HDFC Bank Signs Rs 1,020-Cr Lease Agreement for 4.5 Lakh Sq Ft Office Space

A significant commercial lease has been signed by HDFC Bank in Mumbai’s Andheri. The bank has secured 4.50 lakh sq ft of space at an annual rental cost of more than ₹1,020 crore, according to documents accessed by CRE Matrix

Documents reveal that HDFC Bank has signed a 10-year lease for a carpet area of nearly 2.73 lakh sq ft within R Square, a commercial building constructed by Histyle Retail Pvt Ltd, a subsidiary of Runwal Realty. This significant lease agreement highlights HDFC Bank’s commitment to expanding its presence in Andheri, Mumbai.

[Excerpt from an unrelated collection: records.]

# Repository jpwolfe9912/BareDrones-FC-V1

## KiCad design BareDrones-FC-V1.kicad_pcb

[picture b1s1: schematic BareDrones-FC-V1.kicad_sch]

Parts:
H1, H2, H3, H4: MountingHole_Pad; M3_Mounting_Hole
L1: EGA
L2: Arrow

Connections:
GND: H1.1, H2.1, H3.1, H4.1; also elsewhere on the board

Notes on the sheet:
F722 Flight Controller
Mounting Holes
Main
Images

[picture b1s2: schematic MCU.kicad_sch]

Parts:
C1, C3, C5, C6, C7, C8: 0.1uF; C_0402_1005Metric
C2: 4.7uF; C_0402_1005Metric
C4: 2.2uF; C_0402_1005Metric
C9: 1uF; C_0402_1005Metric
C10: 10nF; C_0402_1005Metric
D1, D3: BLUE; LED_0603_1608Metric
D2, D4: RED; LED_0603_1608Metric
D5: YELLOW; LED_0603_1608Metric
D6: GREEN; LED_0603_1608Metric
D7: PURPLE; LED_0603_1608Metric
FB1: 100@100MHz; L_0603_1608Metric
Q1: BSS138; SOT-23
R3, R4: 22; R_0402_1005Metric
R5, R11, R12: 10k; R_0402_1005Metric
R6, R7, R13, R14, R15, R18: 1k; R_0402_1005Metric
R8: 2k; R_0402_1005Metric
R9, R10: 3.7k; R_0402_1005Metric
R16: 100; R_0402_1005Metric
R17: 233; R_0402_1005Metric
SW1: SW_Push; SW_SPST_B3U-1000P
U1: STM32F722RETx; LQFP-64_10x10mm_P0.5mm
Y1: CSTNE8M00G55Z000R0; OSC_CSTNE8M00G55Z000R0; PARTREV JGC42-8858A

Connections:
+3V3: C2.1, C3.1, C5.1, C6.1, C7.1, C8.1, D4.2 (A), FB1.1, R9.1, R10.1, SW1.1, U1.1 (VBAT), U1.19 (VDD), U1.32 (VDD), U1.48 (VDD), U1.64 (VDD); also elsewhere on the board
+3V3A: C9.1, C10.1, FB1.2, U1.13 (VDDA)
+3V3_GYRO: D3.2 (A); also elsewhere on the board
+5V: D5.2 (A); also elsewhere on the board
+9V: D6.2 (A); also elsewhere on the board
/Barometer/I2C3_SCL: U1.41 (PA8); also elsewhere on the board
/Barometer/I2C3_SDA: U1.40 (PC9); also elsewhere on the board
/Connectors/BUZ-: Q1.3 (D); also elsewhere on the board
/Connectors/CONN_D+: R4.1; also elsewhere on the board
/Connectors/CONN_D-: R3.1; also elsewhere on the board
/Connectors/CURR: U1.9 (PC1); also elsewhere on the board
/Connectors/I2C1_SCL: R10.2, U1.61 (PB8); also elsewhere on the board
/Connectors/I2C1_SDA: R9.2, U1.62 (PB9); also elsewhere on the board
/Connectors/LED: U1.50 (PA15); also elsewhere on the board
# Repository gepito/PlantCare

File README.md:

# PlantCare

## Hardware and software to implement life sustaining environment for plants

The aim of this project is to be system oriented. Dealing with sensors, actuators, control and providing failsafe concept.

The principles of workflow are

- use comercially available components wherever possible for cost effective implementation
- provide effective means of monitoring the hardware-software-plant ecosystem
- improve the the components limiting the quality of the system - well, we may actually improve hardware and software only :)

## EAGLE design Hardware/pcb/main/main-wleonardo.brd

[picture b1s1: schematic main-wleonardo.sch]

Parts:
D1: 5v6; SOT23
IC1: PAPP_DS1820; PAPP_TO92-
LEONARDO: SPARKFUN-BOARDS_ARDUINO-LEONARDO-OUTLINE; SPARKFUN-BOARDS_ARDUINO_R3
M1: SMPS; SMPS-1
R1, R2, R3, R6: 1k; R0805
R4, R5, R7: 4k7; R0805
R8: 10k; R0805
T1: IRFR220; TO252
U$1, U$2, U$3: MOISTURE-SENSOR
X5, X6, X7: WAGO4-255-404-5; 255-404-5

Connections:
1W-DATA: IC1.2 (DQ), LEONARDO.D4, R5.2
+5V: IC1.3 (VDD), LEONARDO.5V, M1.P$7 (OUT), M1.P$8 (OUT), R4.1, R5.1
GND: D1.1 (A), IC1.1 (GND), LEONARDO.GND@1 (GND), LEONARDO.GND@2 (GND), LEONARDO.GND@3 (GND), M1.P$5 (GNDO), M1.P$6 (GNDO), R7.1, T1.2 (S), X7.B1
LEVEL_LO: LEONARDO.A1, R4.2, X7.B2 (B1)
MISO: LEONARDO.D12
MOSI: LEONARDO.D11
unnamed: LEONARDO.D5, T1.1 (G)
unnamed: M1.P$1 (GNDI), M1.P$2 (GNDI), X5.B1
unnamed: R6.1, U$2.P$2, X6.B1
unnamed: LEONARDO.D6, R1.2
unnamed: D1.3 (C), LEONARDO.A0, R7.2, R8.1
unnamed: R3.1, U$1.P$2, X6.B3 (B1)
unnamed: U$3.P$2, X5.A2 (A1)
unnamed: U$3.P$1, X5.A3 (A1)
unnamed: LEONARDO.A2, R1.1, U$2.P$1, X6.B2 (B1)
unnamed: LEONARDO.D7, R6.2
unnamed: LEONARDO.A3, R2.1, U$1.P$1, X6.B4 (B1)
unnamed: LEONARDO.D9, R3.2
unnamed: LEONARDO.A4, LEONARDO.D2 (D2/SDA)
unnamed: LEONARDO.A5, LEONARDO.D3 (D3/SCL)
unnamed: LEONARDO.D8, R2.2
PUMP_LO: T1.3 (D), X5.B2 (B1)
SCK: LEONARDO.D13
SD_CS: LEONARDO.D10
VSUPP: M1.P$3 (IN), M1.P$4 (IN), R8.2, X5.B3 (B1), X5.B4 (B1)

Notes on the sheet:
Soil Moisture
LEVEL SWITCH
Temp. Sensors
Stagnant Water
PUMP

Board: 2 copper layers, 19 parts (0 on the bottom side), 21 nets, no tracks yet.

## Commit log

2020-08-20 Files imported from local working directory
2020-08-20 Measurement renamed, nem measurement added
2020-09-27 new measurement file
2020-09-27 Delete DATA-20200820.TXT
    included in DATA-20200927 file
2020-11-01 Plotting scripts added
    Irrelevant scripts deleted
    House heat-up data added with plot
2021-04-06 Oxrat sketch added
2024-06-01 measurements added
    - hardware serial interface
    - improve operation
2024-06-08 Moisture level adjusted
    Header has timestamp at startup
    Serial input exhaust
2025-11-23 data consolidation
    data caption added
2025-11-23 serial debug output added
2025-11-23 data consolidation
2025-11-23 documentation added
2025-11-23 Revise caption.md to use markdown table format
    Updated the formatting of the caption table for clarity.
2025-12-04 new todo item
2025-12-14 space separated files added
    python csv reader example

The leasing of the commercial space has been executed through a series of three separate agreements. These agreements cover selected units located on the ground floor, as well as the first through sixth floors of the building. The monthly rental payment for the leased space is ₹6.45 crore, translating to an annual rent exceeding ₹1,020 crore. The lease agreement includes a provision for a 15% rent escalation at the end of every 36 months. 

The licensee was permitted to commence operations on January 21, 2025, with the agreement subsequently being registered on January 27, 2025. The commercial space features 227 parking spaces. A significant security deposit of ₹116 crore was paid by HDFC Bank as part of the leasing agreement.

Abhishek Kiran Gupta, CEO and co-founder of CRE Matrix and IndexTap.com commented, “Andheri is a growing office market of Mumbai in terms of annual leasing activity, new housing developments, metro, airport, and highway connectivity, hospitality, and everything in between.”

Recent Transactions in Mumbai

In a recent transaction, Tata Investment Corp acquired two office properties totaling 42,743 sq ft in Mumbai’s Wadala area for nearly ₹150 crore. In another transaction last year, Nielsen Media India Private Limited and its subsidiary leased 1.52 lakh square feet of office space in Mumbai’s Goregaon.